Sony na jakiś czas odłożyło temat sprzętów z ekranami E Ink, a przecież samo w 2013 roku zaprezentowało model DPT-S1, czyli trzynastocalowy tablet z monochromatycznym wyświetlaczem. Model DPT-RP1 był spadkobiercą jego dziedzictwa, mając podobnej wielkości ekran – 13,3 cala (rozmiar kartki A4). W zeszłym roku pojawił się w Japonii, a teraz zaprezentowano jego mniejszą wersję – DPT-CP1, który wyposażono w wyświetlacz o przekątnej 10,3 cala (rozmiar kartki A5).

Ekrany tabletów różnią się nie tylko przekątną, ale także rozdzielczością wyświetlanego obrazu. Trzynastocalowiec dysponuje rozdziałką 1650 x 2200 punktów, zaś model mniejszy ukazuje tekst i obrazy w rozdzielczości 1404 x 1872 pikseli. Oprócz tego powierzchnia dotykowa pokryta jest antypoślizgową warstwą, która (jak twierdzi firma), ma poprawić wrażenia z użytkowania tabletu podczas korzystania z dołączonego rysika.

Oprogramowanie tabletów jest jednak na ten moment bardzo ograniczone. Nie działają na Androidzie (i nie ma na to najmniejszych szans), a na systemie specjalnie opracowanym przez inżynierów Sony. Jedyną funkcjonalnością tych dwóch modeli DPT jest odczytywanie i edytowanie PDF-ów. Nie da się na nich nawet przeczytać książki pobranej w formacie EPUB, więc nie zanosi się, żeby były w stanie wyprzeć czytniki e-booków.

Sony DPT-RP1

Przesyłanie plików na tablety odbywa się za pośrednictwem programu Digital Paper. Co prawda można dzięki niemu konwertować strony WWW na pliki PDF, a potem przeglądać na ekranach E Ink, ale marna to rozbudowa funkcji. PDF-a da się też udostępnić urządzeniom z systemem iOS, Android, Windows i macOS.
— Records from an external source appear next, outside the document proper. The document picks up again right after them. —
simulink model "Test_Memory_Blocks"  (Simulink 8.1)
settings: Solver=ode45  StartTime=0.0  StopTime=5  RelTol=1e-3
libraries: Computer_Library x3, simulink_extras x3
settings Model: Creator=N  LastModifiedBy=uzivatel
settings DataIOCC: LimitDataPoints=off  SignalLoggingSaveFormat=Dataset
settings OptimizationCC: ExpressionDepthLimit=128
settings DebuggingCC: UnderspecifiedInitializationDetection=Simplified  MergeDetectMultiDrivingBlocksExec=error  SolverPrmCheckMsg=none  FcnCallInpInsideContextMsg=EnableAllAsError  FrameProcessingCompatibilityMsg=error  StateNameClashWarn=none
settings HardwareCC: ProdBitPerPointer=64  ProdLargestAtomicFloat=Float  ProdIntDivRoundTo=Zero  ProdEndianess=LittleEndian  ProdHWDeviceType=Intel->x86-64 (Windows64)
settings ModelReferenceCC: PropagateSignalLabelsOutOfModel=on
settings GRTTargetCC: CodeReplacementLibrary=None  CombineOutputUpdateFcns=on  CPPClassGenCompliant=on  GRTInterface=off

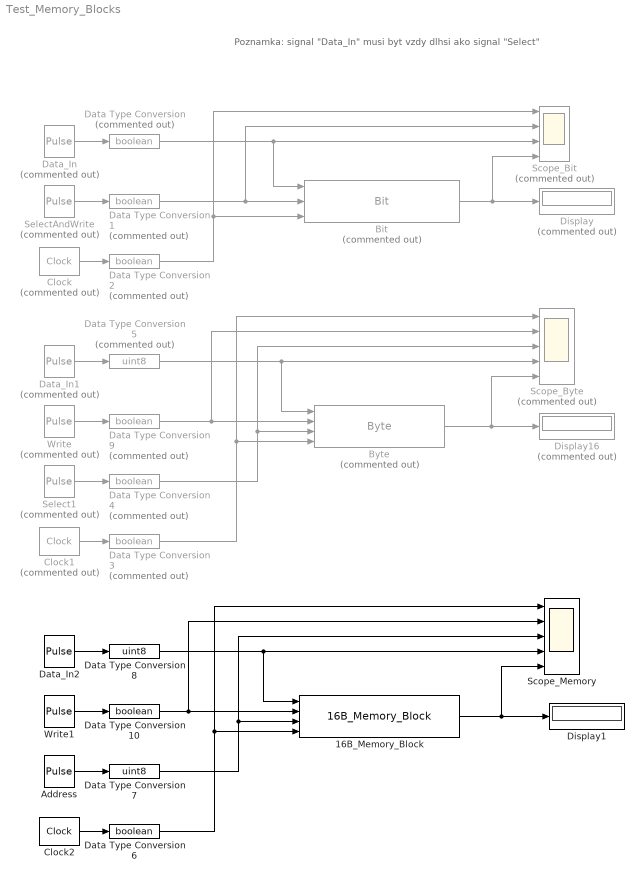
== system Test_Memory_Blocks ==
  note: Poznamka: signal "Data_In" musi byt vzdy dlhsi ako signal "Select"
  16B_Memory_Block : Computer_Library/Memory_Blocks/16B_Memory_Block
  Address : DiscretePulseGenerator  PulseType=Time based  Amplitude=10  PulseWidth=10  PhaseDelay=0.35
  Bit : Computer_Library/Memory_Blocks/Bit  Commented=on
  Byte : Computer_Library/Memory_Blocks/Byte  Commented=on
  Clock : simulink_extras/Flip Flops/Clock  Commented=on  period=1
  Clock1 : simulink_extras/Flip Flops/Clock  Commented=on  period=1
  Clock2 : simulink_extras/Flip Flops/Clock  period=1
  Data Type Conversion{,1..4,9} (6 alike) : DataTypeConversion  Commented=on  OutDataTypeStr=boolean
  Data Type Conversion10 : DataTypeConversion  OutDataTypeStr=boolean
  Data Type Conversion5 : DataTypeConversion  Commented=on  OutDataTypeStr=uint8
  Data Type Conversion6 : DataTypeConversion  OutDataTypeStr=boolean
  Data Type Conversion7 : DataTypeConversion  OutDataTypeStr=uint8
  Data Type Conversion8 : DataTypeConversion  OutDataTypeStr=uint8
  Data_In : DiscretePulseGenerator  Commented=on  PulseType=Time based  Period=5  PulseWidth=40  PhaseDelay=0.25
  Data_In1 : DiscretePulseGenerator  Commented=on  PulseType=Time based  Amplitude=255  Period=6  PulseWidth=40  PhaseDelay=0.25
  Data_In2 : DiscretePulseGenerator  PulseType=Time based  Amplitude=255  Period=6  PulseWidth=40  PhaseDelay=0.25
  Display : Display  Commented=on
  Display1 : Display
  Display16 : Display  Commented=on
  Scope_Bit : Scope  Commented=on  NumInputPorts=4
      settings: YMin=0~0~0~0  YMax=1.5~1.5~1.5~1.5
  Scope_Byte : Scope  Commented=on  NumInputPorts=5
      settings: YMin=0~0~0~0~0  YMax=1.5~1.5~1.5~300~300
  Scope_Memory : Scope  NumInputPorts=5
      settings: YMin=0~0~0~0~0  YMax=1.5~1.5~20~300~300  SaveName=ScopeData2
  Select1 : DiscretePulseGenerator  Commented=on  PulseType=Time based  Period=3  PulseWidth=10  PhaseDelay=0.25
  SelectAndWrite : DiscretePulseGenerator  Commented=on  PulseType=Time based  Period=3  PulseWidth=10  PhaseDelay=0.25
  Write : DiscretePulseGenerator  Commented=on  PulseType=Time based  Period=6  PulseWidth=10  PhaseDelay=0.25
  Write1 : DiscretePulseGenerator  PulseType=Time based  Period=6  PulseWidth=10  PhaseDelay=0.25
  wires:
  Bit/1 -> Scope_Bit/4, Display/1
  Data Type Conversion/1 -> Scope_Bit/3, Bit/1
  Data Type Conversion1/1 -> Scope_Bit/2, Bit/2
  Data Type Conversion4/1 -> Scope_Byte/3, Byte/3
  Byte/1 -> Scope_Byte/5, Display16/1
  Data Type Conversion5/1 -> Byte/1, Scope_Byte/4
  Data_In/1 -> Data Type Conversion/1
  SelectAndWrite/1 -> Data Type Conversion1/1
  Data Type Conversion2/1 -> Scope_Bit/1, Bit/3
  Clock/1 -> Data Type Conversion2/1
  Clock1/1 -> Data Type Conversion3/1
  Select1/1 -> Data Type Conversion4/1
  Data Type Conversion3/1 -> Byte/4, Scope_Byte/1
  Data_In1/1 -> Data Type Conversion5/1
  Clock2/1 -> Data Type Conversion6/1
  Address/1 -> Data Type Conversion7/1
  Data_In2/1 -> Data Type Conversion8/1
  Data Type Conversion7/1 -> Scope_Memory/3, 16B_Memory_Block/3
  16B_Memory_Block/1 -> Scope_Memory/5, Display1/1
  Data Type Conversion8/1 -> 16B_Memory_Block/1, Scope_Memory/4
  Data Type Conversion6/1 -> 16B_Memory_Block/4, Scope_Memory/1
  Write/1 -> Data Type Conversion9/1
  Data Type Conversion9/1 -> Scope_Byte/2, Byte/2
  Write1/1 -> Data Type Conversion10/1
  Data Type Conversion10/1 -> Scope_Memory/2, 16B_Memory_Block/2
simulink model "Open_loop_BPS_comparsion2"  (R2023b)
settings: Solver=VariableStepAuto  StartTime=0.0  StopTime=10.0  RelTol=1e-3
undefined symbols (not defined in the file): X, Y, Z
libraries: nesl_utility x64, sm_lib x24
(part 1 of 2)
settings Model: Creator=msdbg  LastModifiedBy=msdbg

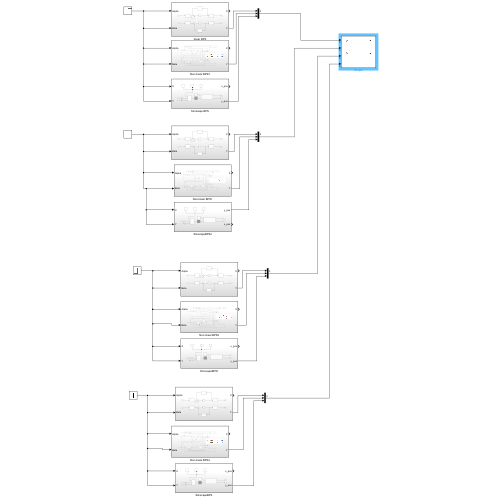
[thumbnail: Simulink's stored preview of the top-level diagram]
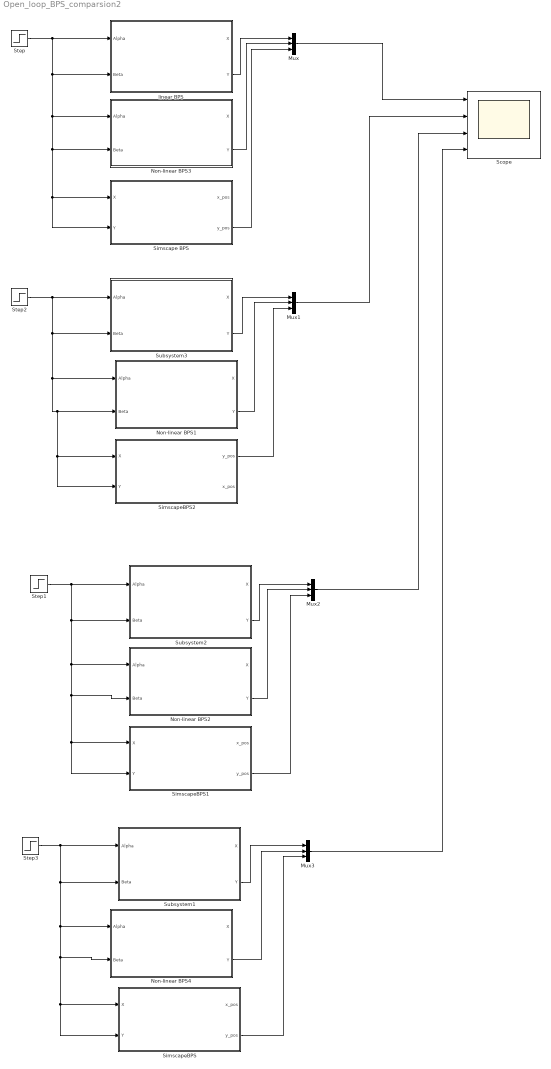
== system Open_loop_BPS_comparsion2 ==
  Mux{,1..3} (4 alike) : Mux  Inputs=3
  Non-linear BPS1 : Subsystem
  Non-linear BPS2 : Subsystem
  Non-linear BPS3 : Subsystem
  Non-linear BPS4 : Subsystem
  Scope : Scope  NumInputPorts=4
  Simscape BPS : Subsystem
  SimscapeBPS : Subsystem
  SimscapeBPS1 : Subsystem
  SimscapeBPS2 : Subsystem
  Step : Step  After=3.14/12  SampleTime=0
  Step1 : Step  After=3.14/8  SampleTime=0
  Step2 : Step  After=3.14/10  SampleTime=0
  Step3 : Step  After=3.14/6  SampleTime=0
  Subsystem1 : Subsystem
  Subsystem2 : Subsystem
  Subsystem3 : Subsystem
  linear BPS : Subsystem
  wires:
  Step3/1 -> Subsystem1/1(Alpha), Subsystem1/2(Beta), Non-linear BPS4/1(Alpha), Non-linear BPS4/2(Beta), SimscapeBPS/2(Y), SimscapeBPS/1(X)
  Mux3/1 -> Scope/4
  Mux/1 -> Scope/1
  Mux1/1 -> Scope/2
  Mux2/1 -> Scope/3
  Step1/1 -> Non-linear BPS2/1(Alpha), Non-linear BPS2/2(Beta), SimscapeBPS1/2(Y), SimscapeBPS1/1(X), Subsystem2/2(Beta), Subsystem2/1(Alpha)
  Step2/1 -> Non-linear BPS1/1(Alpha), Non-linear BPS1/2(Beta), SimscapeBPS2/2(Y), SimscapeBPS2/1(X), Subsystem3/2(Beta), Subsystem3/1(Alpha)
  Step/1 -> Simscape BPS/2(Y), Simscape BPS/1(X), Non-linear BPS3/2(Beta), Non-linear BPS3/1(Alpha), linear BPS/2(Beta), linear BPS/1(Alpha)
  Simscape BPS/2(y_pos) -> Mux/3
  Non-linear BPS1/2(Y) -> Mux1/2
  Non-linear BPS2/2(Y) -> Mux2/2
  Non-linear BPS4/2(Y) -> Mux3/2
  Non-linear BPS3/2(Y) -> Mux/2
  SimscapeBPS2/1(y_pos) -> Mux1/3
  SimscapeBPS1/2(y_pos) -> Mux2/3
  SimscapeBPS/2(y_pos) -> Mux3/3
  Subsystem1/2(Y) -> Mux3/1
  Subsystem2/2(Y) -> Mux2/1
  Subsystem3/2(Y) -> Mux1/1
  linear BPS/2(Y) -> Mux/1

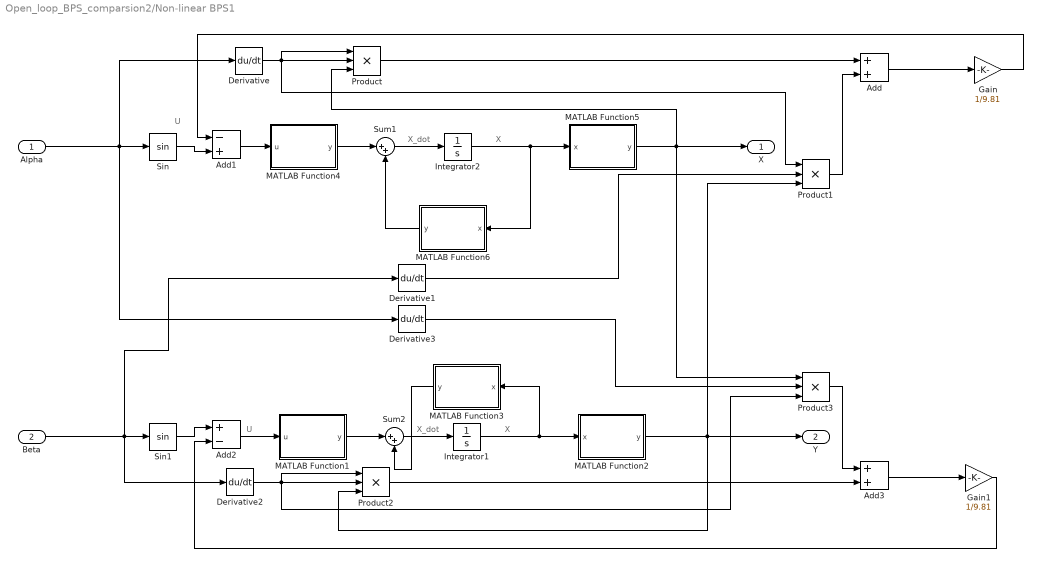
== system Open_loop_BPS_comparsion2/Non-linear BPS1 ==
  note: X
  note: U
  note: X_dot
  note: X_dot
  note: U
  note: X
  Alpha : Inport
  Beta : Inport  Port=2
  Add : Sum
  Add1 : Sum  Inputs=-+
  Add2 : Sum  Inputs=+-
  Add3 : Sum
  Derivative{,1..3} (4 alike) : Derivative
  Gain : Gain  Gain=1/9.81
  Gain1 : Gain  Gain=1/9.81
  Integrator1 : Integrator
  Integrator2 : Integrator
  MATLAB Function1 : MATLAB Function  TreatAsAtomicUnit=on
  MATLAB Function2 : MATLAB Function  TreatAsAtomicUnit=on
  MATLAB Function3 : MATLAB Function  TreatAsAtomicUnit=on
  MATLAB Function4 : MATLAB Function  TreatAsAtomicUnit=on
  MATLAB Function5 : MATLAB Function  TreatAsAtomicUnit=on
  MATLAB Function6 : MATLAB Function  TreatAsAtomicUnit=on
  Product{,1..3} (4 alike) : Product  Inputs=3
  Sin : Trigonometry
  Sin1 : Trigonometry
  Sum1 : Sum  Inputs=|++
  Sum2 : Sum  Inputs=|++
  X : Outport  PortDimensions=1
  Y : Outport  Port=2  PortDimensions=1
  wires:
  Beta/1 -> Sin1/1, Derivative1/1, Derivative2/1
  Alpha/1 -> Derivative3/1, Derivative/1, Sin/1
  Integrator2/1 -> MATLAB Function5/1(x), MATLAB Function6/1(x)
  MATLAB Function6/1(y) -> Sum1/2
  Integrator1/1 -> MATLAB Function2/1(x), MATLAB Function3/1(x)
  Product1/1 -> Add/2
  MATLAB Function3/1(y) -> Sum2/2
  MATLAB Function2/1(y) -> Y/1, Product1/3, Product2/3
  Gain1/1 -> Add2/2
  Derivative1/1 -> Product1/2
  MATLAB Function5/1(y) -> X/1, Product3/1, Product/3
  Add3/1 -> Gain1/1
  MATLAB Function4/1(y) -> Sum1/1
  Sin1/1 -> Add2/1
  Sum1/1 -> Integrator2/1
  MATLAB Function1/1(y) -> Sum2/1
  Derivative2/1 -> Product3/3, Product2/2, Product2/1
  Add/1 -> Gain/1
  Derivative/1 -> Product/1, Product1/1, Product/2
  Add2/1 -> MATLAB Function1/1(u)
  Sin/1 -> Add1/2
  Add1/1 -> MATLAB Function4/1(u)
  Derivative3/1 -> Product3/2
  Product2/1 -> Add3/2
  Sum2/1 -> Integrator1/1
  Product/1 -> Add/1
  Product3/1 -> Add3/1
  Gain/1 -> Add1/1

DPT-CP1 jest dowodem, że przez rok Sony nie zrobiło nic z pomysłem tabletu z E Ink. Zmniejszyły się tylko gabaryty sprzętu – dziesięciocalowiec waży 240 gram i ma 16 GB pamięci wewnętrznej – tyle co jego ubiegłoroczny, większy brat. Bateria ma wystarczyć do trzech tygodni pracy, bez używania modułów łączności. Z nimi – tydzień.

Sony DPT-RP1

Japończycy najwyraźniej chcą dotrzeć do użytkowników z konkretnej niszy: naukowców, firm, prawników, studentów i innych ludzi, którzy muszą codziennie przerzucać tony dokumentów papierowych. Rysik jest miłą wartością dodaną, ale ceny skutecznie odstraszają. DPT-RP1 kosztował w zeszłym roku 80000 jenów na start (~2510 zł), zaś DPT-CP1 nie będzie wcale wiele tańszy – zakosztuje poniżej 70000 jenów (~2200 zł), co raczej nie jest propozycją dla studentów ;)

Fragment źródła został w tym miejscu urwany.